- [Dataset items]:
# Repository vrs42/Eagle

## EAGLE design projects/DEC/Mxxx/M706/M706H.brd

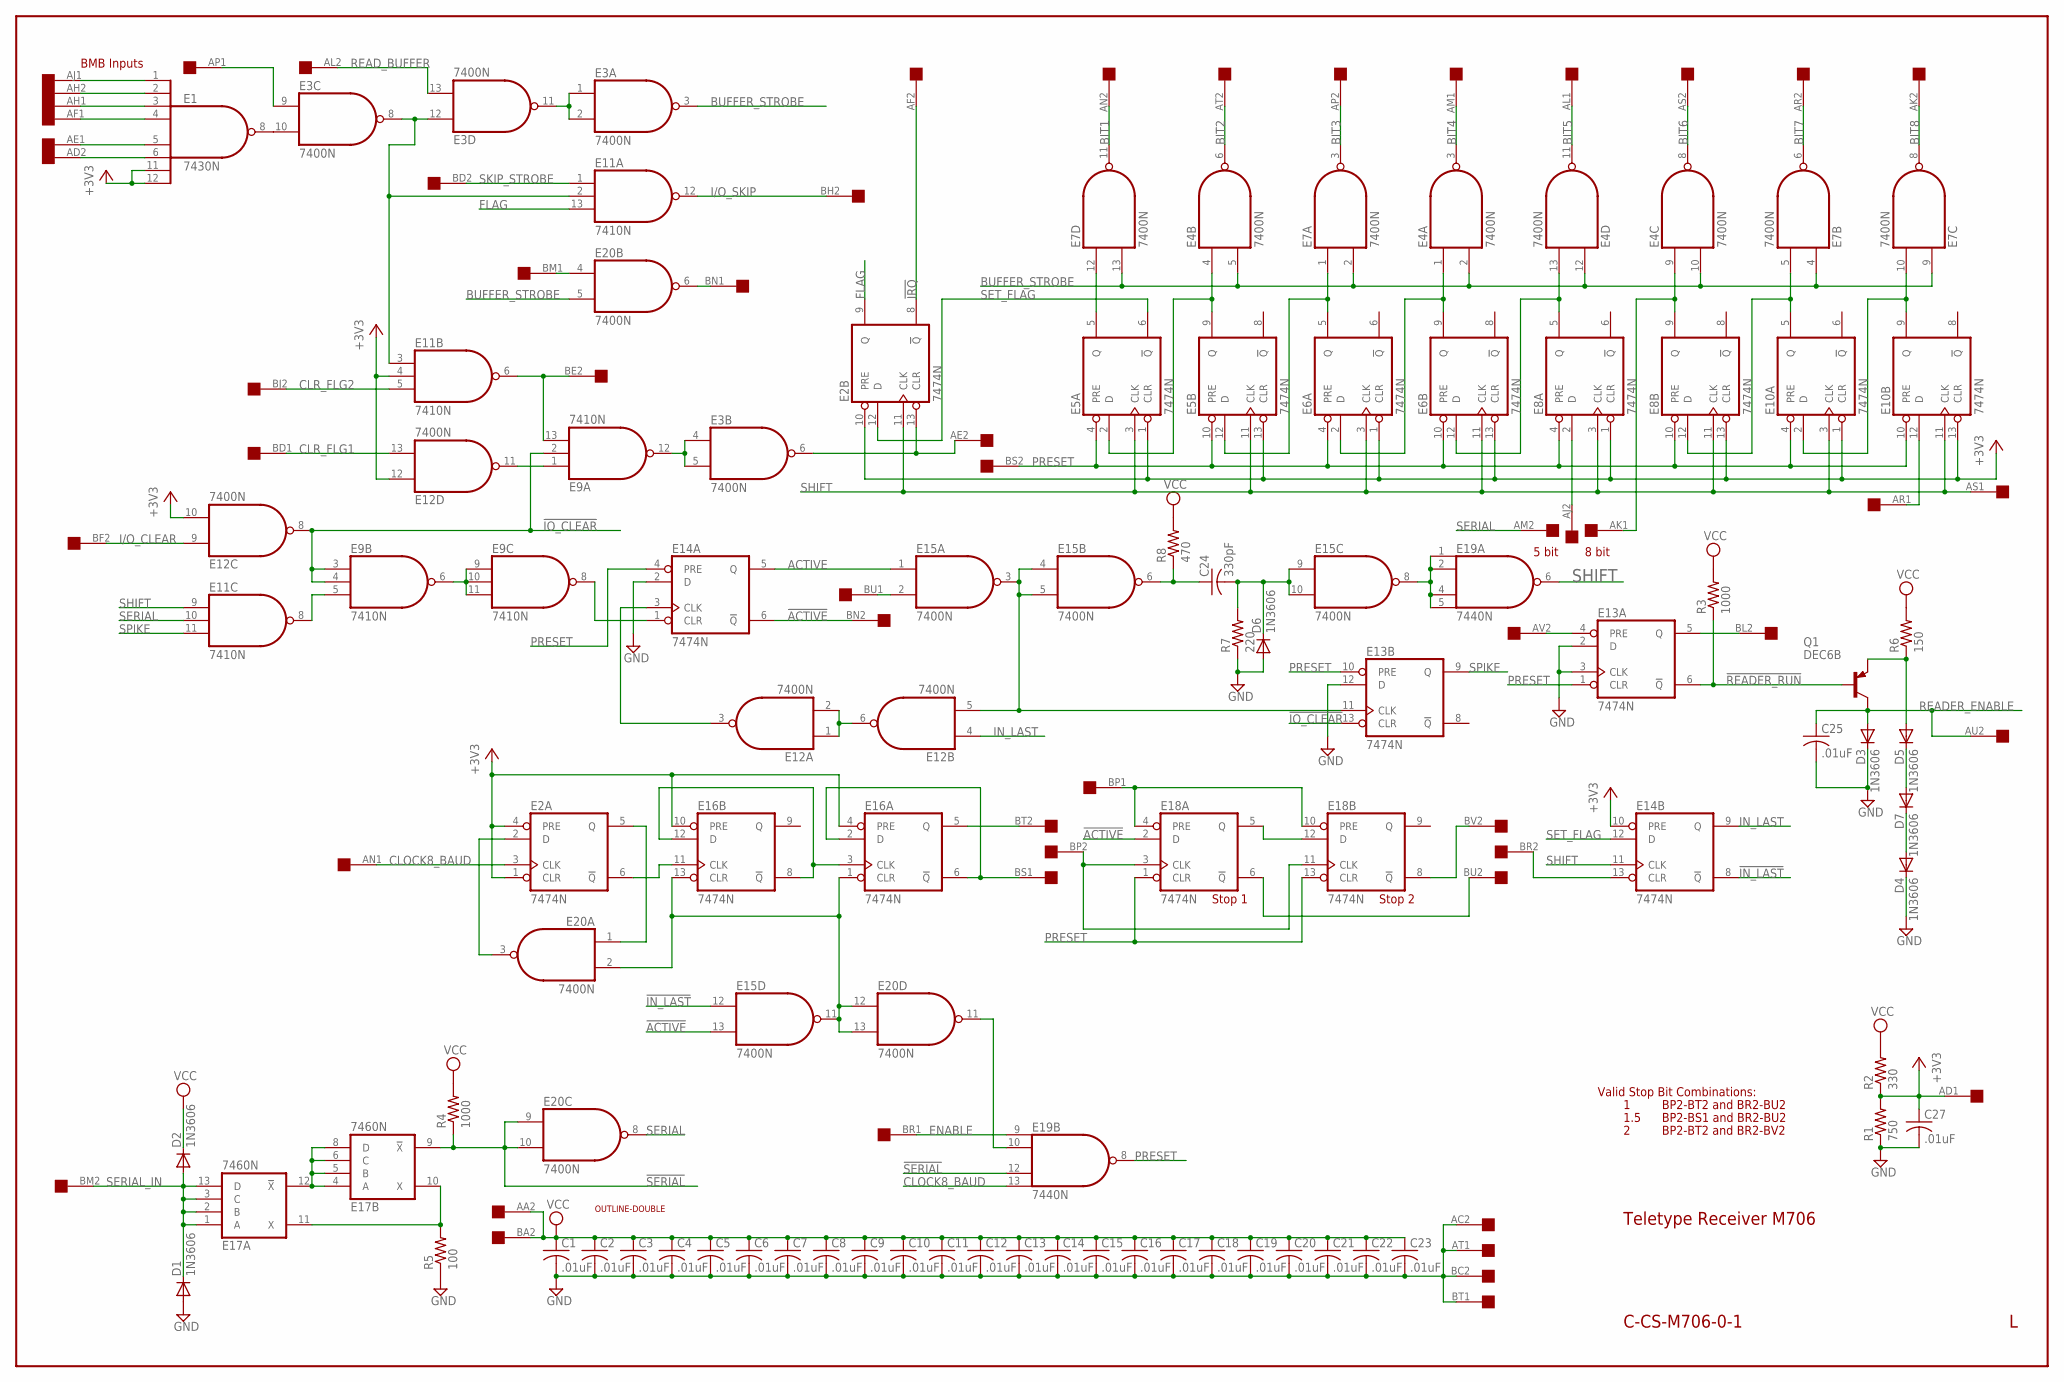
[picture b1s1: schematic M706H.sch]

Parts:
C1, C2, C3, C4, C5, C6, C7, C8, C9, C10, C11, C12, C13, C14, C15, C16, C17, C18, C19, C20, C21, C22, C23, C25, C27: .01uF; C050-025X075
C24: 330pF; C050-025X075
D1, D2, D3, D4, D5, D6, D7: 1N3606; DO35-10
E1: 7430N; DIL14
E2, E5, E6, E8, E10, E13, E14, E16, E18: 7474N; DIL14
E3, E4, E7, E12, E15, E20: 7400N; DIL14
E9, E11: 7410N; DIL14
E17: 7460N; DIL14
E19: 7440N; DIL14
Q1: DEC6B; TO39
R1: 750; 0207/10
R2: 330; 0207/10
R3, R4: 1000; 0207/10
R5: 100; 0207/10
R6: 150; 0207/10
R7: 220; 0207/10
R8: 470; 0207/10
U$1: OUTLINE-DOUBLE; DOUBLE
U$2: DOUBLE; EDGE-CON4

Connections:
2^0: E2.5 (Q), E20.1 (I0)
!ACTIVE: E14.6 (!Q), E15.13 (I1), E18.2 (D), U$2.BN2
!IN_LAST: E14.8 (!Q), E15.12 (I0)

- [WORK INSTRUCTION]:
Your reply must contain each entry exactly as written and no pictures.

- [OUTPUT FOR THIS EXERCISE]:
# Repository vrs42/Eagle

## EAGLE design projects/DEC/Mxxx/M706/M706H.brd

[picture b1s1: schematic M706H.sch]

Parts:
C1, C2, C3, C4, C5, C6, C7, C8, C9, C10, C11, C12, C13, C14, C15, C16, C17, C18, C19, C20, C21, C22, C23, C25, C27: .01uF; C050-025X075
C24: 330pF; C050-025X075
D1, D2, D3, D4, D5, D6, D7: 1N3606; DO35-10
E1: 7430N; DIL14
E2, E5, E6, E8, E10, E13, E14, E16, E18: 7474N; DIL14
E3, E4, E7, E12, E15, E20: 7400N; DIL14
E9, E11: 7410N; DIL14
E17: 7460N; DIL14
E19: 7440N; DIL14
Q1: DEC6B; TO39
R1: 750; 0207/10
R2: 330; 0207/10
R3, R4: 1000; 0207/10
R5: 100; 0207/10
R6: 150; 0207/10
R7: 220; 0207/10
R8: 470; 0207/10
U$1: OUTLINE-DOUBLE; DOUBLE
U$2: DOUBLE; EDGE-CON4

Connections:
2^0: E2.5 (Q), E20.1 (I0)
!ACTIVE: E14.6 (!Q), E15.13 (I1), E18.2 (D), U$2.BN2
!IN_LAST: E14.8 (!Q), E15.12 (I0)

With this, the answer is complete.